» **DESCRIPTION OF THE TASK**
After locating the line that contains "#150=ORIENTED_EDGE('',*,*,#149,.F.);" in the data below, set down exactly that line and each one after it through the line that contains "#156=ORIENTED_EDGE('',*,*,#155,.F.);", and nothing more.
*** AVAILABLE DATA Section Begins ***
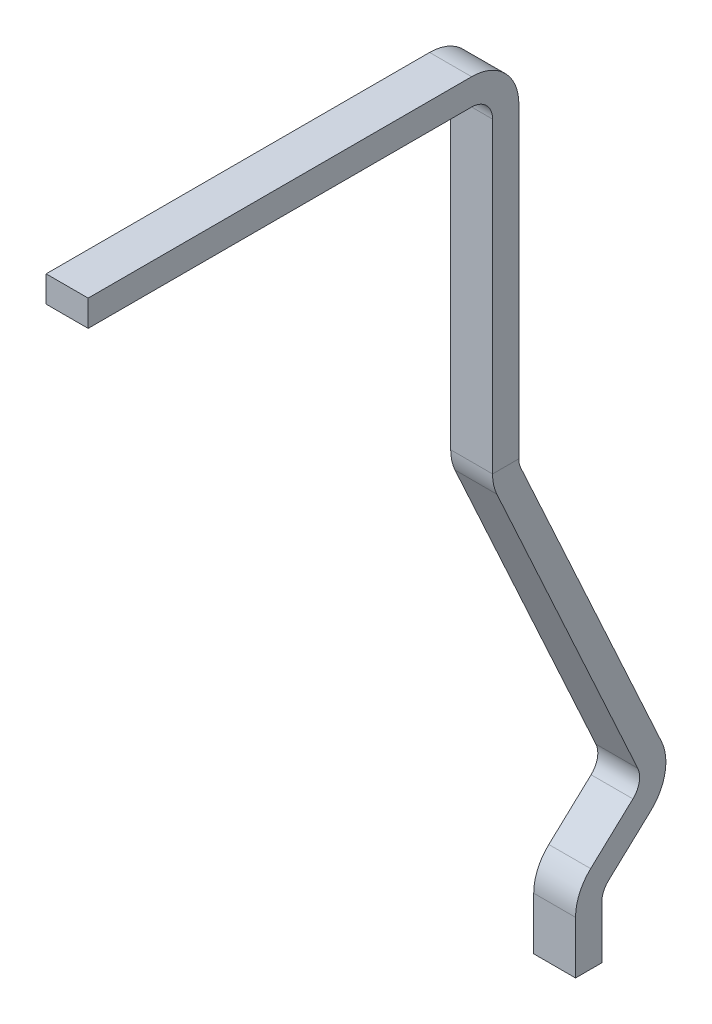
ISO-10303-21;
HEADER;
FILE_DESCRIPTION(('STEP AP214'),'2;1');
FILE_NAME('part.step','',(''),(''),'','','');
FILE_SCHEMA(('AUTOMOTIVE_DESIGN { 1 0 10303 214 1 1 1 1 }'));
ENDSEC;
DATA;
#1=APPLICATION_CONTEXT('core data for automotive mechanical design processes');
#2=APPLICATION_PROTOCOL_DEFINITION('international standard','automotive_design',2000,#1);
#3=PRODUCT_CONTEXT('',#1,'mechanical');
#4=PRODUCT('Part','Part','',(#3));
#5=PRODUCT_RELATED_PRODUCT_CATEGORY('part','',(#4));
#6=PRODUCT_DEFINITION_FORMATION('','',#4);
#7=PRODUCT_DEFINITION_CONTEXT('part definition',#1,'design');
#8=PRODUCT_DEFINITION('design','',#6,#7);
#9=PRODUCT_DEFINITION_SHAPE('','',#8);
#10=(LENGTH_UNIT() NAMED_UNIT(*) SI_UNIT(.MILLI.,.METRE.));
#11=(NAMED_UNIT(*) PLANE_ANGLE_UNIT() SI_UNIT($,.RADIAN.));
#12=(NAMED_UNIT(*) SI_UNIT($,.STERADIAN.) SOLID_ANGLE_UNIT());
#13=UNCERTAINTY_MEASURE_WITH_UNIT(LENGTH_MEASURE(1.E-05),#10,'distance_accuracy_value','');
#14=(GEOMETRIC_REPRESENTATION_CONTEXT(3) GLOBAL_UNCERTAINTY_ASSIGNED_CONTEXT((#13)) GLOBAL_UNIT_ASSIGNED_CONTEXT((#10,
#11,#12)) REPRESENTATION_CONTEXT('',''));
#15=CARTESIAN_POINT('',(0.,0.,0.));
#16=DIRECTION('',(0.,0.,1.));
#17=DIRECTION('',(1.,0.,0.));
#18=AXIS2_PLACEMENT_3D('',#15,#16,#17);
#19=CARTESIAN_POINT('',(0.20000000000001,-1.4625,-0.125));
#20=DIRECTION('',(0.,0.,-1.));
#21=DIRECTION('',(-1.,0.,0.));
#22=AXIS2_PLACEMENT_3D('',#19,#20,#21);
#23=PLANE('',#22);
#24=DIRECTION('',(-1.,0.,0.));
#25=VECTOR('',#24,1.);
#26=CARTESIAN_POINT('',(0.,-1.4625,-0.125));
#27=LINE('',#26,#25);
#28=CARTESIAN_POINT('',(0.199333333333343,-1.4625,-0.125));
#29=VERTEX_POINT('',#28);
#30=CARTESIAN_POINT('',(-0.19933333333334,-1.4625,-0.125));
#31=VERTEX_POINT('',#30);
#32=EDGE_CURVE('E232',#29,#31,#27,.T.);
#33=ORIENTED_EDGE('',*,*,#32,.T.);
#34=DIRECTION('',(0.,-1.,0.));
#35=VECTOR('',#34,1.);
#36=CARTESIAN_POINT('',(-0.2,0.225,-0.125));
#37=LINE('',#36,#35);
#38=CARTESIAN_POINT('',(-0.2,1.4625,-0.125));
#39=VERTEX_POINT('',#38);
#40=EDGE_CURVE('E236',#39,#31,#37,.T.);
#41=ORIENTED_EDGE('',*,*,#40,.F.);
#42=DIRECTION('',(-1.,0.,0.));
#43=VECTOR('',#42,1.);
#44=CARTESIAN_POINT('',(0.,1.4625,-0.125));
#45=LINE('',#44,#43);
#46=CARTESIAN_POINT('',(0.200000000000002,1.46250000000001,-0.125));
#47=VERTEX_POINT('',#46);
#48=EDGE_CURVE('E211',#47,#39,#45,.T.);
#49=ORIENTED_EDGE('',*,*,#48,.F.);
#50=DIRECTION('',(0.,1.,0.));
#51=VECTOR('',#50,1.);
#52=CARTESIAN_POINT('',(0.200000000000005,0.225,-0.125));
#53=LINE('',#52,#51);
#54=EDGE_CURVE('E205',#29,#47,#53,.T.);
#55=ORIENTED_EDGE('',*,*,#54,.F.);
#56=EDGE_LOOP('',(#33,#41,#49,#55));
#57=FACE_BOUND('',#56,.T.);
#58=ADVANCED_FACE('F16',(#57),#23,.T.);
#59=CARTESIAN_POINT('',(-0.2,1.6625,0.325));
#60=DIRECTION('',(0.,-1.,0.));
#61=DIRECTION('',(1.,0.,0.));
#62=AXIS2_PLACEMENT_3D('',#59,#60,#61);
#63=PLANE('',#62);
#64=DIRECTION('',(0.,0.,1.));
#65=VECTOR('',#64,1.);
#66=CARTESIAN_POINT('',(-0.2,1.66250000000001,1.925));
#67=LINE('',#66,#65);
#68=CARTESIAN_POINT('',(-0.2,1.66250000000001,0.325));
#69=VERTEX_POINT('',#68);
#70=CARTESIAN_POINT('',(-0.2,1.66250000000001,3.975));
#71=VERTEX_POINT('',#70);
#72=EDGE_CURVE('E163',#69,#71,#67,.T.);
#73=ORIENTED_EDGE('',*,*,#72,.F.);
#74=DIRECTION('',(-1.,0.,0.));
#75=VECTOR('',#74,1.);
#76=CARTESIAN_POINT('',(0.,1.66250000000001,0.325));
#77=LINE('',#76,#75);
#78=CARTESIAN_POINT('',(0.200000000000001,1.66250000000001,0.325000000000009));
#79=VERTEX_POINT('',#78);
#80=EDGE_CURVE('E159',#79,#69,#77,.T.);
#81=ORIENTED_EDGE('',*,*,#80,.F.);
#82=DIRECTION('',(0.,0.,-1.));
#83=VECTOR('',#82,1.);
#84=CARTESIAN_POINT('',(0.200000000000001,1.66250000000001,1.925));
#85=LINE('',#84,#83);
#86=CARTESIAN_POINT('',(0.200000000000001,1.66250000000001,3.975));
#87=VERTEX_POINT('',#86);
#88=EDGE_CURVE('E193',#87,#79,#85,.T.);
#89=ORIENTED_EDGE('',*,*,#88,.F.);
#90=DIRECTION('',(1.,0.,0.));
#91=VECTOR('',#90,1.);
#92=CARTESIAN_POINT('',(0.,1.6625,3.975));
#93=LINE('',#92,#91);
#94=EDGE_CURVE('E222',#71,#87,#93,.T.);
#95=ORIENTED_EDGE('',*,*,#94,.F.);
#96=EDGE_LOOP('',(#73,#81,#89,#95));
#97=FACE_BOUND('',#96,.T.);
#98=ADVANCED_FACE('F488',(#97),#63,.T.);
#99=CARTESIAN_POINT('',(-0.2,1.9125,3.975));
#100=DIRECTION('',(0.,0.,1.));
#101=DIRECTION('',(0.,-1.,0.));
#102=AXIS2_PLACEMENT_3D('',#99,#100,#101);
#103=PLANE('',#102);
#104=DIRECTION('',(0.,1.,0.));
#105=VECTOR('',#104,1.);
#106=CARTESIAN_POINT('',(-0.2,0.225,3.975));
#107=LINE('',#106,#105);
#108=CARTESIAN_POINT('',(-0.2,1.9125,3.975));
#109=VERTEX_POINT('',#108);
#110=EDGE_CURVE('E225',#71,#109,#107,.T.);
#111=ORIENTED_EDGE('',*,*,#110,.F.);
#112=ORIENTED_EDGE('',*,*,#94,.T.);
#113=DIRECTION('',(0.,-1.,0.));
#114=VECTOR('',#113,1.);
#115=CARTESIAN_POINT('',(0.200000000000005,0.225,3.975));
#116=LINE('',#115,#114);
#117=CARTESIAN_POINT('',(0.2,1.9125,3.975));
#118=VERTEX_POINT('',#117);
#119=EDGE_CURVE('E196',#118,#87,#116,.T.);
#120=ORIENTED_EDGE('',*,*,#119,.F.);
#121=DIRECTION('',(1.,0.,0.));
#122=VECTOR('',#121,1.);
#123=CARTESIAN_POINT('',(0.,1.9125,3.975));
#124=LINE('',#123,#122);
#125=EDGE_CURVE('E218',#109,#118,#124,.T.);
#126=ORIENTED_EDGE('',*,*,#125,.F.);
#127=EDGE_LOOP('',(#111,#112,#120,#126));
#128=FACE_BOUND('',#127,.T.);
#129=ADVANCED_FACE('F486',(#128),#103,.T.);
#130=CARTESIAN_POINT('',(0.2,1.9125,0.325));
#131=DIRECTION('',(0.,1.,0.));
#132=DIRECTION('',(-1.,0.,0.));
#133=AXIS2_PLACEMENT_3D('',#130,#131,#132);
#134=PLANE('',#133);
#135=DIRECTION('',(0.,0.,1.));
#136=VECTOR('',#135,1.);
#137=CARTESIAN_POINT('',(0.2,1.9125,1.925));
#138=LINE('',#137,#136);
#139=CARTESIAN_POINT('',(0.200000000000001,1.9125,0.325000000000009));
#140=VERTEX_POINT('',#139);
#141=EDGE_CURVE('E199',#140,#118,#138,.T.);
#142=ORIENTED_EDGE('',*,*,#141,.F.);
#143=DIRECTION('',(1.,0.,0.));
#144=VECTOR('',#143,1.);
#145=CARTESIAN_POINT('',(0.,1.9125,0.325));
#146=LINE('',#145,#144);
#147=CARTESIAN_POINT('',(-0.2,1.9125,0.325));
#148=VERTEX_POINT('',#147);
#149=EDGE_CURVE('E214',#148,#140,#146,.T.);
#150=ORIENTED_EDGE('',*,*,#149,.F.);
#151=DIRECTION('',(0.,0.,-1.));
#152=VECTOR('',#151,1.);
#153=CARTESIAN_POINT('',(-0.2,1.9125,1.925));
#154=LINE('',#153,#152);
#155=EDGE_CURVE('E228',#109,#148,#154,.T.);
#156=ORIENTED_EDGE('',*,*,#155,.F.);
#157=ORIENTED_EDGE('',*,*,#125,.T.);
#158=EDGE_LOOP('',(#142,#150,#156,#157));
#159=FACE_BOUND('',#158,.T.);
#160=ADVANCED_FACE('F266',(#159),#134,.T.);
#161=CARTESIAN_POINT('',(0.24,1.4625,0.325));
#162=DIRECTION('',(-1.,0.,0.));
#163=DIRECTION('',(0.,0.,1.));
#164=AXIS2_PLACEMENT_3D('',#161,#162,#163);
#165=CYLINDRICAL_SURFACE('',#164,0.45);
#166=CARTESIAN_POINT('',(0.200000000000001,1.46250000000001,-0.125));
*** AVAILABLE DATA Section Ends ***
» **RESULT OF THIS TASK**
#150=ORIENTED_EDGE('',*,*,#149,.F.);
#151=DIRECTION('',(0.,0.,-1.));
#152=VECTOR('',#151,1.);
#153=CARTESIAN_POINT('',(-0.2,1.9125,1.925));
#154=LINE('',#153,#152);
#155=EDGE_CURVE('E228',#109,#148,#154,.T.);
#156=ORIENTED_EDGE('',*,*,#155,.F.);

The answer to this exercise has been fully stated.